## WHAT YOU SHOULD DO
Each line of the data below containing "layers" needs to be listed.

[RECORD SET]

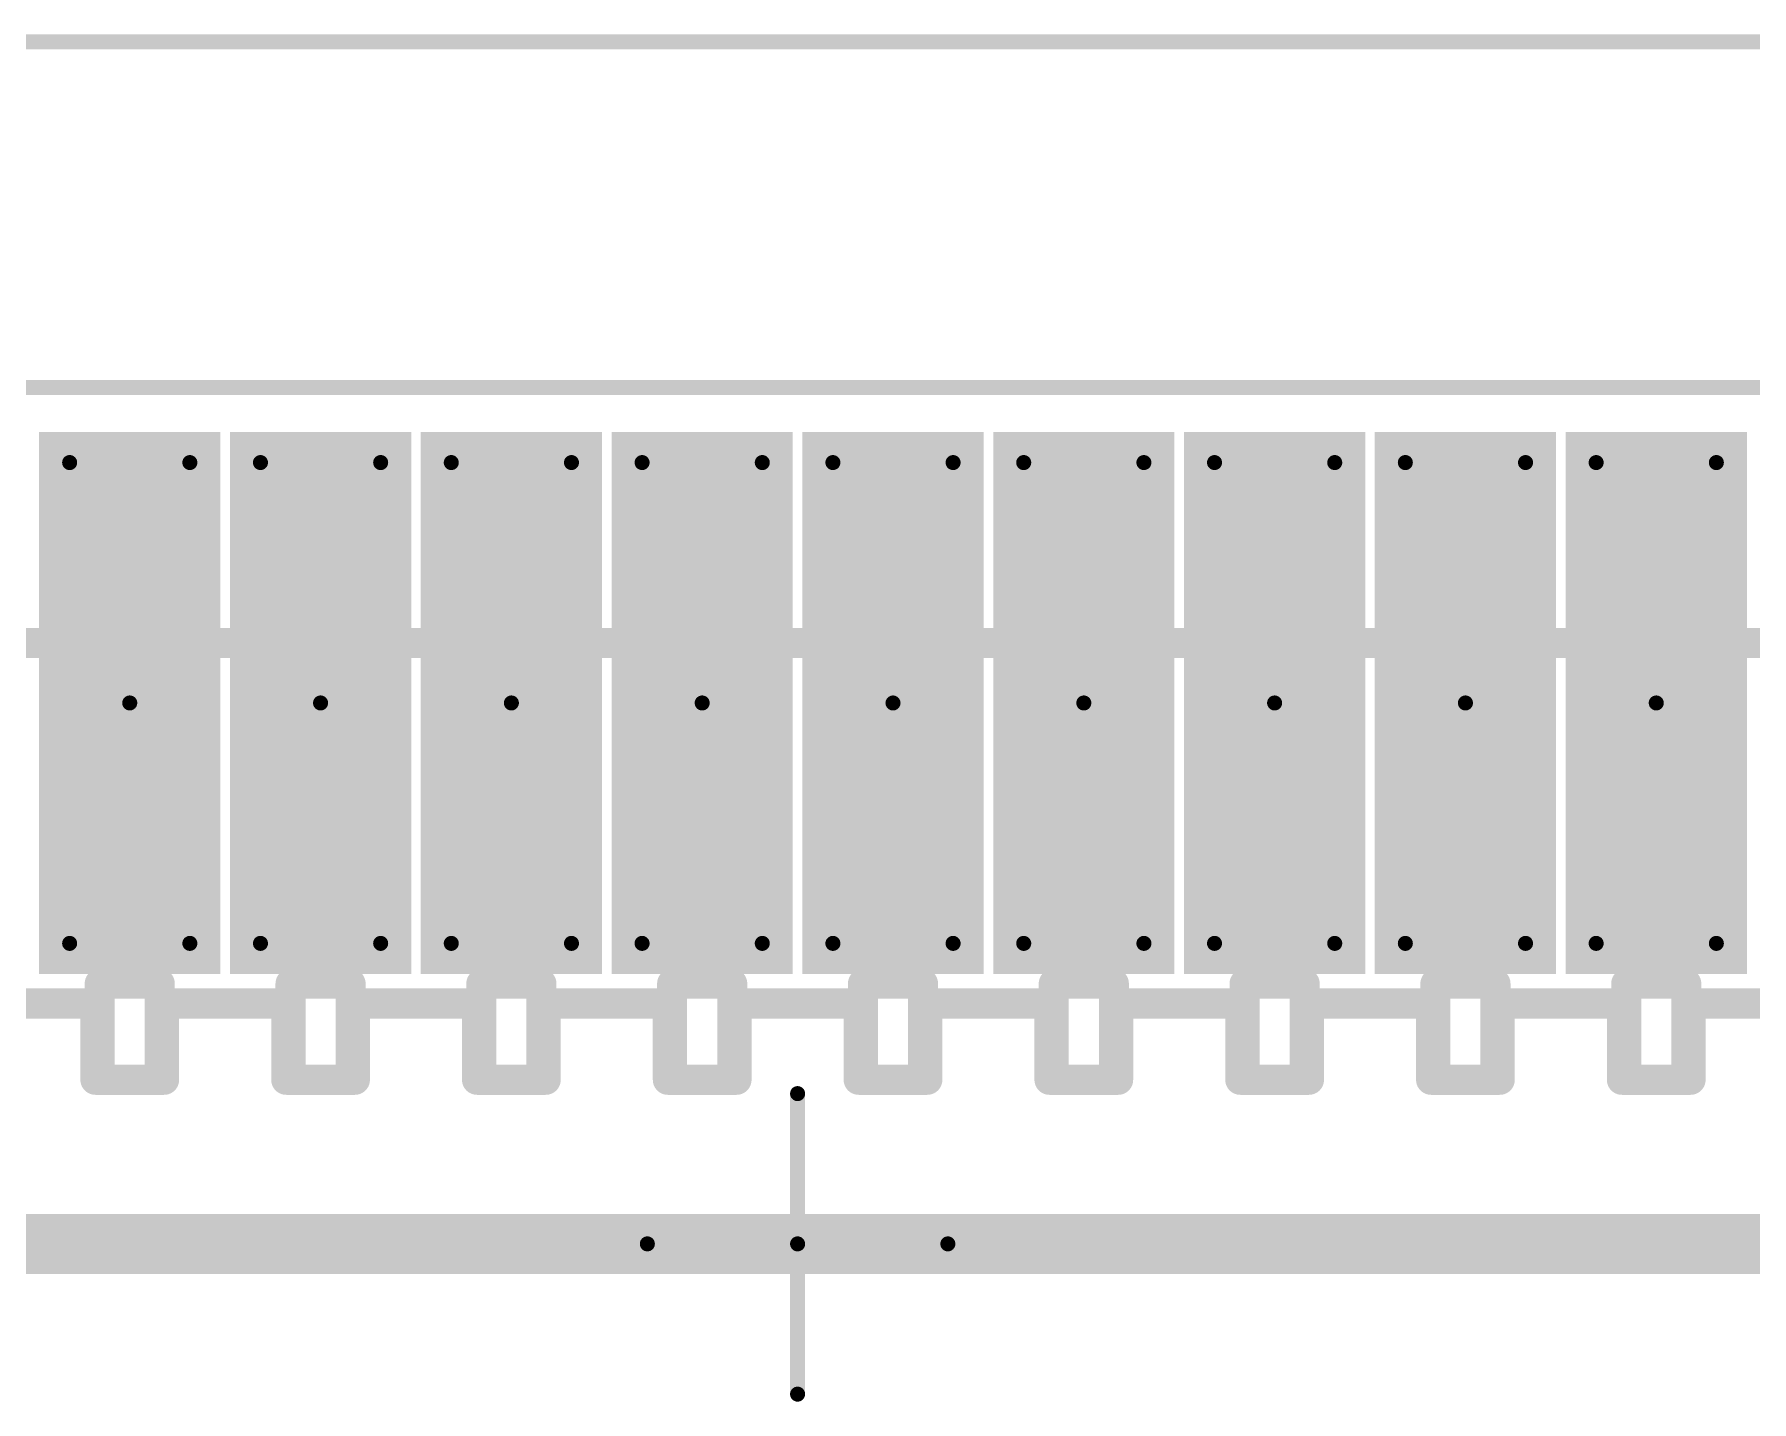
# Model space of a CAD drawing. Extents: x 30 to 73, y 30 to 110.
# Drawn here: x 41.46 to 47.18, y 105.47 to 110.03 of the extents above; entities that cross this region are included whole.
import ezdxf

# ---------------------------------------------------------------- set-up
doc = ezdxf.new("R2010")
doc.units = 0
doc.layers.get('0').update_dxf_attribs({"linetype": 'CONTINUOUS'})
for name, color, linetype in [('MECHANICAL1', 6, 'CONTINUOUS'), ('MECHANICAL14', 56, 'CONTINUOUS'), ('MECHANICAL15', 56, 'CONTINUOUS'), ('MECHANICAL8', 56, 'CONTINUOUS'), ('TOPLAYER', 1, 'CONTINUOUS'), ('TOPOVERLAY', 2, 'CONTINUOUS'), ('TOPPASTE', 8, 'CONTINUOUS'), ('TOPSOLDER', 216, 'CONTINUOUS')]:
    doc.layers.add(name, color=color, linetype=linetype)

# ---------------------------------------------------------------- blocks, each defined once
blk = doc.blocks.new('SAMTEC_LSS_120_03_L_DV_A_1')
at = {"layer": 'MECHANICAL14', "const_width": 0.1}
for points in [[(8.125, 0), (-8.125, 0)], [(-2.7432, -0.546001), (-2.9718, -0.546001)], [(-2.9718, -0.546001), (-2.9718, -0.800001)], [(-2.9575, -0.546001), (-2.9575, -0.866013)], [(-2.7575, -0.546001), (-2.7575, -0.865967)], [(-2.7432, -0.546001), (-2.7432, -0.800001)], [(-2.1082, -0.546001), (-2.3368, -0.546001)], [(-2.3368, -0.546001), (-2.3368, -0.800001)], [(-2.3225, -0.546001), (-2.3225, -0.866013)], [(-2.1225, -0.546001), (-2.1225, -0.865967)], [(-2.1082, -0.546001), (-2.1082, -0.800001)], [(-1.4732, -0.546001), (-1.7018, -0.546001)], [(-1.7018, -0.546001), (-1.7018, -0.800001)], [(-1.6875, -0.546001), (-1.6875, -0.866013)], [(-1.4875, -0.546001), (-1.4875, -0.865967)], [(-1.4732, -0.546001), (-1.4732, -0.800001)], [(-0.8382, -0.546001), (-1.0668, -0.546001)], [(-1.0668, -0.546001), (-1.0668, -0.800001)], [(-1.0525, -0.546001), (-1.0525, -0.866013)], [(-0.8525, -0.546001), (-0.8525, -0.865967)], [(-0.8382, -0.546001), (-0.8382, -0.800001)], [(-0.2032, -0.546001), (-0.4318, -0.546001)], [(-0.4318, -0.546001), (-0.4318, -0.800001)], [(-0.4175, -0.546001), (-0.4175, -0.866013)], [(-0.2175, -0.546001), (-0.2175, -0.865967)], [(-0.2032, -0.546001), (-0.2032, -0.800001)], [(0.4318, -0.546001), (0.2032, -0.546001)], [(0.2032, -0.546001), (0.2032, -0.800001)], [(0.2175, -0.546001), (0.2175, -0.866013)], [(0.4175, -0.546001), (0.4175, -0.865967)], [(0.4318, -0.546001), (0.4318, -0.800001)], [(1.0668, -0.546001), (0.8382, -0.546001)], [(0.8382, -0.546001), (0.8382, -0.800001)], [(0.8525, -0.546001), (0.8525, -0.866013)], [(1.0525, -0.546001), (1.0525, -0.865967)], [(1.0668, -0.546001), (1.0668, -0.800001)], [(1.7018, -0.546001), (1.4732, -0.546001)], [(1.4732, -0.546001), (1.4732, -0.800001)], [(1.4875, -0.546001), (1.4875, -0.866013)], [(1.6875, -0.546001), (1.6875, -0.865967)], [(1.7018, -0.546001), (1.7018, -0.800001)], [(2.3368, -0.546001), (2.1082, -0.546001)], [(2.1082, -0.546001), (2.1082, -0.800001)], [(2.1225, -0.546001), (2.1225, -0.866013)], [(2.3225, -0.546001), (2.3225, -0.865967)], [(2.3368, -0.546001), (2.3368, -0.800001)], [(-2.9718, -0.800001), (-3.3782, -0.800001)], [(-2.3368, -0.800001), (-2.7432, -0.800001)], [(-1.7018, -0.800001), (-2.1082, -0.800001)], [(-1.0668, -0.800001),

[/RECORD SET]

## SOLUTION
doc.layers.get('0').update_dxf_attribs({"linetype": 'CONTINUOUS'})
    doc.layers.add(name, color=color, linetype=linetype)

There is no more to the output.